Possible Answers…The Private Sector • Foundations: - Large foundations like HHMI, Ford, Carnegie, Rockefeller, etc. must also create and fund innovative programs to keep the pipeline flowing. Such foundations are in a unique position to quickly establish and adequately fund model programs which could then be adopted by federal funding agencies. The outline for one such model would be linking a group of research oriented universities together which would offer to outstanding candidates a “pipeline” program of doctoral an postdoctoral training linked to a guaranteed faculty position.
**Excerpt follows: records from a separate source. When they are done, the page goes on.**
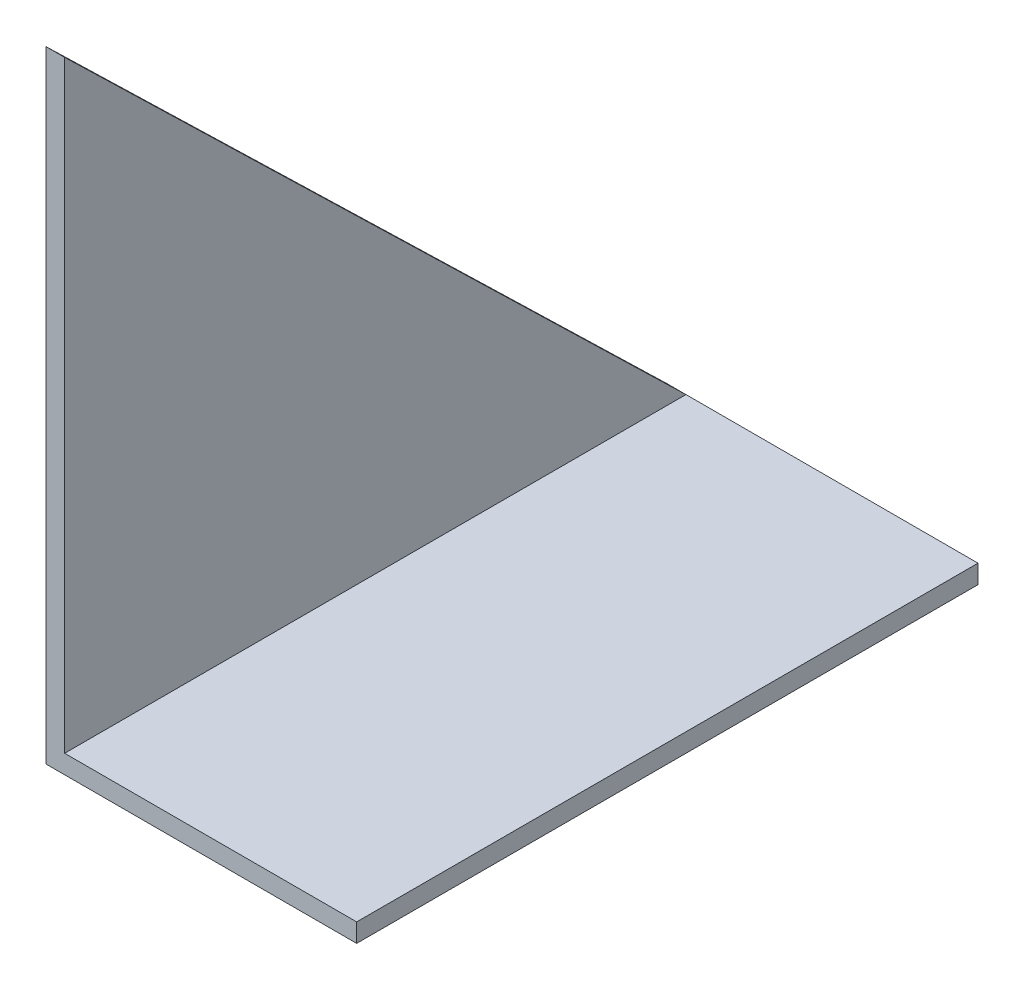
from build123d import *

# Parameters (mm, degrees)
CROQUIS1_W              = 3
CROQUIS1_H              = 100
CROQUIS1_W_2            = 47
CROQUIS1_H_2            = 3
SALIENTE_EXTRUIR1_DEPTH = 50
CORTAR_EXTRUIR1_DEPTH   = 100


with BuildPart() as part:
    # Croquis1 → Saliente-Extruir1 (new, symmetric)
    with BuildSketch(Plane.XY):
        Rectangle(CROQUIS1_W, CROQUIS1_H)
        with Locations((25, -48.5)):
            Rectangle(CROQUIS1_W_2, CROQUIS1_H_2)
    extrude(amount=SALIENTE_EXTRUIR1_DEPTH, both=True)

    # Croquis2 → Cortar-Extruir1 (cut)
    with BuildSketch(Plane(origin=(1.5, 0, 0), x_dir=(0, 0, -1), z_dir=(1, 0, 0))):
        Polygon((-50, 50), (50, -47), (50, 50), align=None)
    extrude(amount=-CORTAR_EXTRUIR1_DEPTH, mode=Mode.SUBTRACT)


solid = part.part
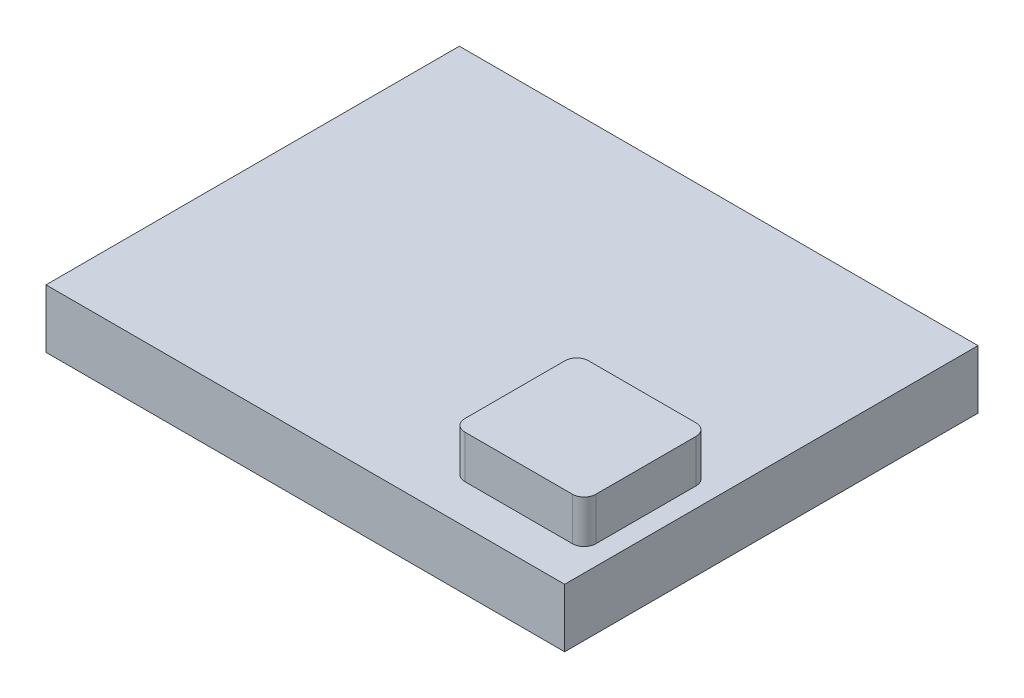
from build123d import *

# Parameters (mm, degrees)
SKETCH_1_W      = 13.3
SKETCH_1_H      = 10.6
EXTRUDE_1_DEPTH = 1.5
SKETCH_2_W      = 3.36
SKETCH_2_H      = 3.17
EXTRUDE_2_DEPTH = 1.1
FILLET_1_R      = 0.3


with BuildPart() as part:
    # Эскиз1 → Бобышка-Вытянуть1 (new body)
    with BuildSketch(Plane(origin=(0, 0, 0), x_dir=(1, 0, 0), z_dir=(0, 1, 0))):
        Rectangle(SKETCH_1_W, SKETCH_1_H)
    extrude(amount=EXTRUDE_1_DEPTH)


with BuildPart() as body_2:
    # Эскиз2 → Бобышка-Вытянуть2 (new body)
    with BuildSketch(Plane(origin=(0, 1.5, 0), x_dir=(1, 0, 0), z_dir=(0, 1, 0))):
        with Locations((4.47, -2.715)):
            Rectangle(SKETCH_2_W, SKETCH_2_H)
    extrude(amount=EXTRUDE_2_DEPTH)

    # Скругление1
    fillet_1_edges = [body_2.edges().sort_by_distance(p)[0] for p in [
        (6.15, 2.05, 4.3),
        (2.79, 2.05, 4.3),
        (2.79, 2.05, 1.13),
        (6.15, 2.05, 1.13),
    ]]
    fillet(fillet_1_edges, radius=FILLET_1_R)


solid = Compound([part.part, body_2.part])

Possible Answers…The Private Sector • Industry: - the industrial sector must work with universities to support students and postdocs through the pipeline (as Merek has done) as well as faculty who could be involved in translational research (as Genentech is beginning to do).
Possible Answers…The Academic Community • Directly -Actively recruit URM’s to faculty positions and help them to achieve success • Create a new level of employee..the “staff scientist,” a professional position for experienced people who do not aspire to achieve tenure • Indirectly - We have to raise the level of respect for faculty to that of other professions and we have to financially support them at levels equivalent with the private sector. - Administrators and faculty must convince students that academia is a worthwhile and viable career, with it’s own set of rewards, both tangible and intangible. - Scientists also have the responsibility to convey the excitement and opportunities that a research career offers, and the importance and relevance of research to society in improving quality of life and reducing health disparities.